Привезенные Колмогором соболя были очень хороши, много темного меха, который и ценился. Если бы иноземцы умели правильно пороть шкурки, то и на тысячу рублей вышло бы. Промышленники стояли кучками, обсуждали, что же это за края, что такой темный соболь родится. Прикидывали, как туда добираться. Вроде бы и не сложно, и не так чтоб сильно далеко, да всё против течения рек. Весь запас на себе тянуть, получается. Пытали Ивана и казаков, ходивших с Колмогором, как иноземцы себя ведут, дружны ли к промышленникам, меняют ли соболей и много ли свободных рек в тех краях, а то притащишься, а там уже досужий двинской али пинежский мужик своих кулемок[19] понарубил.
И хотя многие только с промысла вернулись, кто-то и на Русь налаживался возвращаться с вырученными деньгами, глаза у промысловиков горячо и болезненно блестели новыми нетронутыми реками. Только доберись туда, да чтоб до тебя никого, кроме местных, не бывало – на таких речках и по пяти, и по семи сороков на брата в первую зиму добывали. Редкие смельчаки в одиночку садились на реку, это было выгоднее всего, но опасно. И с иноземцами без знания языка и их обычаев – поди пойми, что у него в голове, да и свои могли позариться на добычу одиночки.

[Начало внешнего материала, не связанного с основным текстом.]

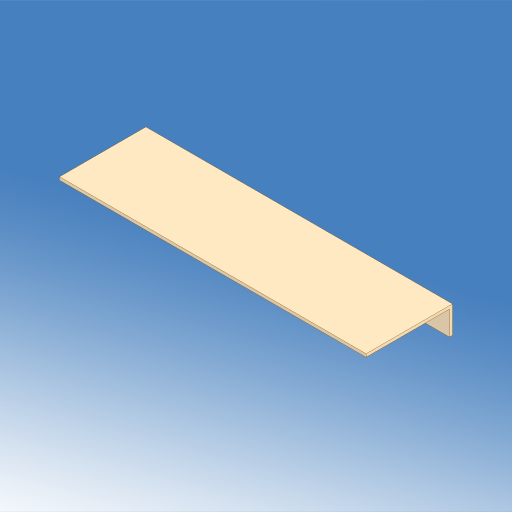
# Autodesk Inventor part: flat chain guide
Saved by Autodesk Inventor 2024 (Build 280153000, 153)
## iProperties
Created: 2023-03-01
Part Number: flat chain guide
Material: Polyethylene, High Density
Document SubType Name: Modeling
Designer: ralph
Density: 0.952 g/cm^3
Appearance: Smooth - Off-White
Author: ralph
Autodesk Inventor part; units mm, degrees
ref_plane "Work Plane1" through (-105.5469, -33.8995, 0) normal (0, 0, 1) x (1, 0, 0)
sketch "Sketch1" plane through (-105.5469, -33.8995, 0) normal (0, 0, 1) x (1, 0, 0)
  circle A0 centre (51.4164, 20.6909) radius 2.413 projected
  circle A1 centre (61.5426, -29.0897) radius 2.413 projected
  circle A2 centre (41.2902, 70.4714) radius 2.413 projected
  circle A3 centre (71.6688, -78.8702) radius 2.413 projected
  circle A4 centre (27.8827, -36.0288) radius 3.175 projected
  line L0 (21.5564, -145.7309) -> (-91.4082, 76.2381) projected
  line L1 (59.5069, 74.2446) -> (98.755, -118.7966) projected
  line L2 (15.2228, 144.056) -> (44.9436, 105.9012) projected
  line L3 (63.6348, -131.723) -> (58.903, -119.9375) projected
  line L4 (53.0129, -122.3028) -> (57.7447, -134.0883) projected
  arc A5 (3.7348, 135.3868) -> (-79.7406, 82.2913) centre (-35.4587, 104.8391) ccw
  line L5 (3.7348, 135.3868) -> (33.4679, 97.2384)
  arc A6 (45.3974, 71.3204) -> (33.4679, 97.2384) centre (-15.7425, 58.8835) ccw
  line L6 (45.3974, 71.3204) -> (84.6647, -121.7179)
  arc A7 (33.2723, -139.6562) -> (84.6647, -121.7179) centre (57.7489, -127.193) ccw
  arc A8 (2.9524, 134.777) -> (-78.8566, 82.7414) centre (-35.4587, 104.8391) ccw
  line L7 (2.9524, 134.777) -> (32.6855, 96.6286)
  arc A9 (44.4253, 71.1227) -> (32.6855, 96.6286) centre (-15.7425, 58.8835) ccw
  line L8 (44.4253, 71.1227) -> (83.6926, -121.9156)
  arc A10 (34.1563, -139.2061) -> (83.6926, -121.9156) centre (57.7489, -127.193) ccw
  line L9 (34.1563, -139.2061) -> (-78.8566, 82.7414)
  arc A11 (-4.5602, 128.9216) -> (-70.3686, 87.0634) centre (-35.4587, 104.8391) ccw
  line L10 (-4.5602, 128.9216) -> (25.1729, 90.7732)
  arc A12 (35.0915, 69.224) -> (25.1729, 90.7732) centre (-15.7425, 58.8835) ccw
  line L11 (35.0915, 69.224) -> (74.3588, -123.8143)
  arc A13 (42.6443, -134.8841) -> (74.3588, -123.8143) centre (57.7489, -127.193) ccw
  line L12 (42.6443, -134.8841) -> (-70.3686, 87.0634)
  arc A14 (5.4566, 136.7288) -> (-81.686, 81.3007) centre (-35.4587, 104.8391) ccw
  line L13 (5.4566, 136.7288) -> (35.1897, 98.5804)
  arc A15 (47.5366, 71.7556) -> (35.1897, 98.5804) centre (-15.7425, 58.8835) ccw
  line L14 (47.5366, 71.7556) -> (86.8039, -121.2827)
  arc A16 (31.327, -140.6467) -> (86.8039, -121.2827) centre (57.7489, -127.193) ccw
  line L15 (31.327, -140.6467) -> (-81.686, 81.3007)
  circle A17 centre (57.7489, -127.193) radius 44.45
  circle A18 centre (-35.4587, 104.8391) radius 69.85
  circle A19 centre (-47.8242, 28.7936) radius 2.413 projected
  circle A20 centre (-15.5534, -34.5834) radius 2.413 projected
  circle A21 centre (16.7174, -97.9605) radius 2.413 projected
  line L16 (-33.1344, 24.0942) -> (34.7456, 18.5458) projected
  line L17 (36.5081, 12.9323) -> (-6.2049, -22.3208) projected
  line L18 (-20.7511, -20.2117) -> (-39.1333, 15.9083) projected
  line L19 (38.3036, 25.8999) -> (-20.4951, 30.706) projected
  line L20 (-21.5821, 36.7465) -> (30.7819, 61.2351) projected
  line L21 (44.0707, 55.5202) -> (48.097, 35.7165) projected
  line L22 (-53.0081, 43.1715) -> (-61.3301, 59.5239) projected
  line L23 (17.8998, 109.9146) -> (30.1007, 94.2514) projected
  line L24 (27.5547, 68.1378) -> (-5.8444, 52.5185) projected
  line L25 (27.1825, -114.3985) -> (25.3807, -110.8581) projected
  line L26 (32.1964, -96.6363) -> (38.137, -94.5724) projected
  line L27 (74.4344, -93.8236) -> (75.2107, -97.6416) projected
  line L28 (50.495, -96.7953) -> (49.4394, -94.1661) projected
  line L29 (51.3425, -89.9843) -> (60.23, -86.8964) projected
  line L30 (-10.1341, 54.212) -> (-12.6231, 60.4113) projected
  line L31 (-19.6913, 57.573) -> (-16.9128, 50.6526) projected
  line L32 (-18.5132, 46.5938) -> (-35.734, 38.5403) projected
  line L33 (42.124, -96.3889) -> (43.4268, -99.6336) projected
  arc A22 (40.3328, 7.2327) -> (41.7343, 8.6241) centre (33.4597, 15.5569) ccw projected
  arc A23 (45.6191, 9.409) -> (41.7343, 8.6241) centre (44.1679, 6.585) ccw projected
  arc A24 (45.6191, 9.409) -> (50.3997, 8.0475) centre (51.4164, 20.6909) ccw projected
  arc A25 (53.2564, 5.5162) -> (50.3997, 8.0475) centre (50.1452, 4.8827) ccw projected
  line L34 (53.2564, 5.5162) -> (57.2026, -13.8642) projected
  arc A26 (55.534, -17.3261) -> (57.2026, -13.8642) centre (54.0915, -14.4977) ccw projected
  arc A27 (55.534, -17.3261) -> (49.5198, -23.895) centre (61.311, -28.6529) ccw projected
  arc A28 (46.8024, -25.8738) -> (49.5198, -23.895) centre (46.5755, -22.7069) ccw projected
  line L35 (46.8024, -25.8738) -> (37.6772, -26.5277) projected
  arc A29 (35.5367, -25.8944) -> (37.6772, -26.5277) centre (37.4502, -23.3608) ccw projected
  arc A30 (35.5367, -25.8944) -> (18.8618, -27.0893) centre (27.8827, -36.0288) ccw projected
  arc A31 (16.8336, -28.0213) -> (18.8618, -27.0893) centre (16.6066, -24.8545) ccw projected
  line L36 (16.8336, -28.0213) -> (0.7655, -29.1728) projected
  arc A32 (-0.3587, -26.3652) -> (0.7655, -29.1728) centre (0.652, -27.5893) ccw projected
  line L37 (-0.3587, -26.3652) -> (40.3328, 7.2327) projected
  arc A33 (12.0706, -61.7398) -> (8.1483, -51.9706) centre (20.8352, -52.5488) ccw projected
  line L38 (25.9855, -70.6908) -> (17.4507, -83.8024) projected
  line L39 (11.5059, -83.5949) -> (-6.8763, -47.4749) projected
  line L40 (-0.2859, -37.1185) -> (-0.1921, -37.1119) projected
  line L41 (74.8789, -123.628) -> (78.6564, -122.8604) projected
  line L42 (0.38, 132.4063) -> (2.0588, 130.251) projected
  line L43 (38.7029, -137.0353) -> (37.8849, -135.428) projected
  line L44 (38.579, -133.2932) -> (44.3373, -130.3617) projected
  line L45 (12.0706, -61.7398) -> (13.7631, -65.9552) projected
  line L46 (17.8911, -67.7189) -> (22.1428, -66.0115) projected
  line L47 (2.9792, -39.0961) -> (8.1483, -51.9706) projected
  ellipse E0 centre (-34.8429, 105.035) end of major axis (-54.1736, 165.5211) minor radius 63.4728 (15.2228, 144.056) -> (-91.4082, 76.2381) ccw projected
  ellipse E1 centre (58.3238, -127.0129) end of major axis (45.7589, -87.6969) minor radius 41.2573 (21.5564, -145.7309) -> (98.755, -118.7966) ccw projected
  ellipse E2 centre (-15.1352, 59.076) end of major axis (-38.3321, 131.6593) minor radius 76.1674 (59.5069, 74.2446) -> (44.9436, 105.9012) ccw projected
  ellipse E3 centre (-34.8429, 105.035) end of major axis (-38.9507, 117.8883) minor radius 13.488 projected
  ellipse E4 centre (60.6898, -132.9057) end of major axis (59.7232, -129.8814) minor radius 3.1736 (57.7447, -134.0883) -> (63.6348, -131.723) ccw projected
  ellipse E5 centre (55.9579, -121.1202) end of major axis (54.9914, -118.0958) minor radius 3.1736 (58.903, -119.9375) -> (53.0129, -122.3028) ccw projected
  ellipse E6 centre (-47.0283, 29.0524) end of major axis (-50.8944, 41.1496) minor radius 12.6946 (-38.4497, 19.689) -> (-36.1193, 22.5544) ccw projected
  ellipse E7 centre (-33.3921, 20.9299) end of major axis (-34.3586, 23.9542) minor radius 3.1736 (-33.1344, 24.0942) -> (-36.1193, 22.5544) ccw projected
  ellipse E8 centre (34.4879, 15.3814) end of major axis (33.5214, 18.4057) minor radius 3.1736 (36.5081, 12.9323) -> (34.7456, 18.5458) ccw projected
  ellipse E9 centre (-8.2251, -19.8717) end of major axis (-7.2586, -22.896) minor radius 3.1736 (-9.5343, -22.7635) -> (-6.2049, -22.3208) ccw projected
  ellipse E10 centre (-14.7713, -34.3308) end of major axis (-18.6374, -22.2336) minor radius 12.6946 (-9.5343, -22.7635) -> (-17.2925, -21.8836) ccw projected
  ellipse E11 centre (-17.9228, -18.7718) end of major axis (-16.9563, -21.7962) minor radius 3.1736 (-20.7511, -20.2117) -> (-17.2925, -21.8836) ccw projected
  ellipse E12 centre (-36.305, 17.3481) end of major axis (-35.3385, 14.3238) minor radius 3.1736 (-38.4497, 19.689) -> (-39.1333, 15.9083) ccw projected
  ellipse E13 centre (38.5613, 29.0642) end of major axis (39.5278, 26.0399) minor radius 3.1736 (38.3036, 25.8999) -> (41.2885, 27.4397) ccw projected
  ellipse E14 centre (-20.2374, 33.8704) end of major axis (-19.2708, 30.8461) minor radius 3.1736 (-21.5821, 36.7465) -> (-20.4951, 30.706) ccw projected
  ellipse E15 centre (32.1266, 58.3589) end of major axis (31.1601, 61.3832) minor radius 3.1736 (34.1165, 60.8317) -> (30.7819, 61.2351) ccw projected
  ellipse E16 centre (42.0762, 70.723) end of major axis (38.2101, 82.8202) minor radius 12.6946 (34.1165, 60.8317) -> (41.1837, 58.0551) ccw projected
  ellipse E17 centre (40.9606, 54.8882) end of major axis (39.994, 57.9125) minor radius 3.1736 (44.0707, 55.5202) -> (41.1837, 58.0551) ccw projected
  ellipse E18 centre (44.9869, 35.0845) end of major axis (44.0204, 38.1088) minor radius 3.1736 (46.4291, 32.2559) -> (48.097, 35.7165) ccw projected
  ellipse E19 centre (-37.0786, 41.4165) end of major axis (-36.1121, 38.3922) minor radius 3.1736 (-39.0686, 38.9437) -> (-35.734, 38.5403) ccw projected
  ellipse E20 centre (-47.0283, 29.0524) end of major axis (-50.8944, 41.1496) minor radius 12.6946 (-39.0686, 38.9437) -> (-49.5495, 41.4996) ccw projected
  ellipse E21 centre (-50.1798, 44.6113) end of major axis (-49.2133, 41.587) minor radius 3.1736 (-53.0081, 43.1715) -> (-49.5495, 41.4996) ccw projected
  ellipse E22 centre (-58.5019, 60.9637) end of major axis (-57.5353, 57.9394) minor radius 3.1736 (-56.9933, 63.7566) -> (-61.3301, 59.5239) ccw projected
  ellipse E23 centre (-34.666, 105.0915) end of major axis (-48.9707, 149.8513) minor radius 46.9699 (-11.2596, 64.347) -> (12.228, 107.7818) ccw projected
  ellipse E24 centre (15.3966, 107.9636) end of major axis (14.43, 110.9879) minor radius 3.1736 (17.8998, 109.9146) -> (12.228, 107.7818) ccw projected
  ellipse E25 centre (-14.9584, 59.1325) end of major axis (2.4393, 4.6949) minor radius 57.1256 (35.8618, 85.223) -> (30.1007, 94.2514) ccw projected
  ellipse E26 centre (33.0385, 83.7735) end of major axis (32.0719, 86.7978) minor radius 3.1736 (34.846, 81.1634) -> (35.8618, 85.223) ccw projected
  ellipse E27 centre (42.0762, 70.723) end of major axis (38.2101, 82.8202) minor radius 12.6946 (34.846, 81.1634) -> (29.3832, 70.9558) ccw projected
  ellipse E28 centre (26.21, 71.014) end of major axis (25.2435, 74.0383) minor radius 3.1736 (27.5547, 68.1378) -> (29.3832, 70.9558) ccw projected
  ellipse E29 centre (58.5007, -126.9564) end of major axis (49.8019, -99.7376) minor radius 28.5628 (70.7406, -101.1419) -> (53.9461, -98.747) ccw projected
  ellipse E30 centre (30.0108, -112.9586) end of major axis (30.9773, -115.9829) minor radius 3.1736 (27.1825, -114.3985) -> (32.8598, -114.3584) ccw projected
  ellipse E31 centre (28.209, -109.4182) end of major axis (29.1755, -112.4425) minor radius 3.1736 (26.0643, -107.0774) -> (25.3807, -110.8581) ccw projected
  ellipse E32 centre (17.4857, -97.714) end of major axis (21.3519, -109.8112) minor radius 12.6946 (26.0643, -107.0774) -> (30.0878, -99.2512) ccw projected
  ellipse E33 centre (33.2384, -99.6355) end of major axis (34.2049, -102.6598) minor radius 3.1736 (32.1964, -96.6363) -> (30.0878, -99.2512) ccw projected
  ellipse E34 centre (61.272, -89.8956) end of major axis (60.3054, -86.8713) minor radius 3.1736 (63.5056, -87.6406) -> (60.23, -86.8964) ccw projected
  ellipse E35 centre (72.44, -78.6208) end of major axis (68.5739, -66.5236) minor radius 12.6946 (63.5056, -87.6406) -> (71.5475, -91.2887) ccw projected
  ellipse E36 centre (71.3244, -94.4556) end of major axis (70.3578, -91.4313) minor radius 3.1736 (74.4344, -93.8236) -> (71.5475, -91.2887) ccw projected
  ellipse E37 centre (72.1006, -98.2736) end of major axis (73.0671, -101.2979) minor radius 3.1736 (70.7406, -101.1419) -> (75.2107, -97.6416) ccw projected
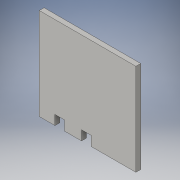
# Autodesk Inventor part: SideRWall
Saved by Autodesk Inventor 2016 (Build 200138000, 138)
## iProperties
Created: 2016-05-30
Part Number: SideRWall
Material: Generic
Document SubType Name: Modeling
Designer: cutrones
Density: 1 g/cm^3
Appearance: Default
Author: cutrones
Autodesk Inventor part; units mm, degrees
ref_plane "YZ Plane" through (0, 0, 0) normal (1, 0, 0) x (0, 1, 0)
ref_plane "XZ Plane" through (0, 0, 0) normal (0, 1, 0) x (-1, 0, 0)
ref_plane "XY Plane" through (0, 0, 0) normal (0, 0, 1) x (1, 0, 0)
sketch "Sketch1" plane through (0, 0, 0) normal (0, 0, 1) x (1, 0, 0)
  line L0 (0, 0) -> (254, 0)
  line L1 (254, 0) -> (254, 241.3)
  line L2 (254, 241.3) -> (0, 241.3)
  line L3 (0, 241.3) -> (0, 0)
  line L4 (88.9, 241.3) -> (88.9, 0)
  line L5 (41.275, 0) -> (66.675, 0)
  line L6 (66.675, 0) -> (66.675, 25.4)
  line L7 (66.675, 25.4) -> (41.275, 25.4)
  line L8 (41.275, 25.4) -> (41.275, 0)
  line L9 (111.125, 0) -> (136.525, 0)
  line L10 (136.525, 0) -> (136.525, 25.4)
  line L11 (136.525, 25.4) -> (111.125, 25.4)
  line L12 (111.125, 25.4) -> (111.125, 0)
  dimension "d0" = 254
  dimension "d1" = 241.3
  dimension "d2" = 88.9
  dimension "d3" = 25.4
  dimension "d4" = 25.4
  dimension "d5" = 25.4
  dimension "d6" = 22.225
  dimension "d7" = 22.225
  constraints: 26 end point, 6 parallel, 5 point on line, 4 perpendicular, 3 horizontal
  measures "d0" distance of L1.end L2.end
  measures "d1" distance of L0.end L1.end
  measures "d2" distance between parallel lines of L3 L4
  measures "d3" distance between parallel lines of L12 L10
  measures "d4" distance between parallel lines of L8 L6
  measures "d5" distance between parallel lines of L0 L7
  measures "d6" distance between parallel lines of L4 L6
  measures "d7" distance between parallel lines of L4 L12
extrude "Extrusion1" add sketch "Sketch1" along normal mid plane 12.7 contours L3 L2 L4 L0 L6 L7 L8 | L2 L1 L0 L10 L11 L12 L4
equation "\"d0\" = Width"
equation "\"d1\" = Height"
equation "\"d8\" = Thickness"
equation "\"Width\" = 254"
equation "\"Height\" = 241.3"
equation "\"Thickness\" = 12.7"
body "Solid1"

– Первый раз вижу соболька за двадцать восемь рублей… – страдал промышленник с густой черной бородой. – На Руси за него и дом, и коней-коров… все хозяйство сразу справишь.
– В двадцать рублей соболя видал, а такого нет… – Небольшой коренастый мужичонка чесал затылок под пестрой беличьей шапкой. – Казакам за годовую службу четыре рубля жалованья кладут, а тут вон чего…
– Нам еще и соль, и двадцать пудов хлеба положено… – поправил стоявший рядом казак.
– Двадцать, – усмехнулся мужичонка. – На Руси на этого соболька пятьсот пудов можно сторговать!
– Э-эх, дал кому-то Господь эдакое богатство на сосне разглядеть, я бы от него ни днем ни ночью не отстал… – все переживал чернобородый. – Вишь, ребята, места какие здесь! Видать, и наше счастье где-то сейчас по лесам прячется.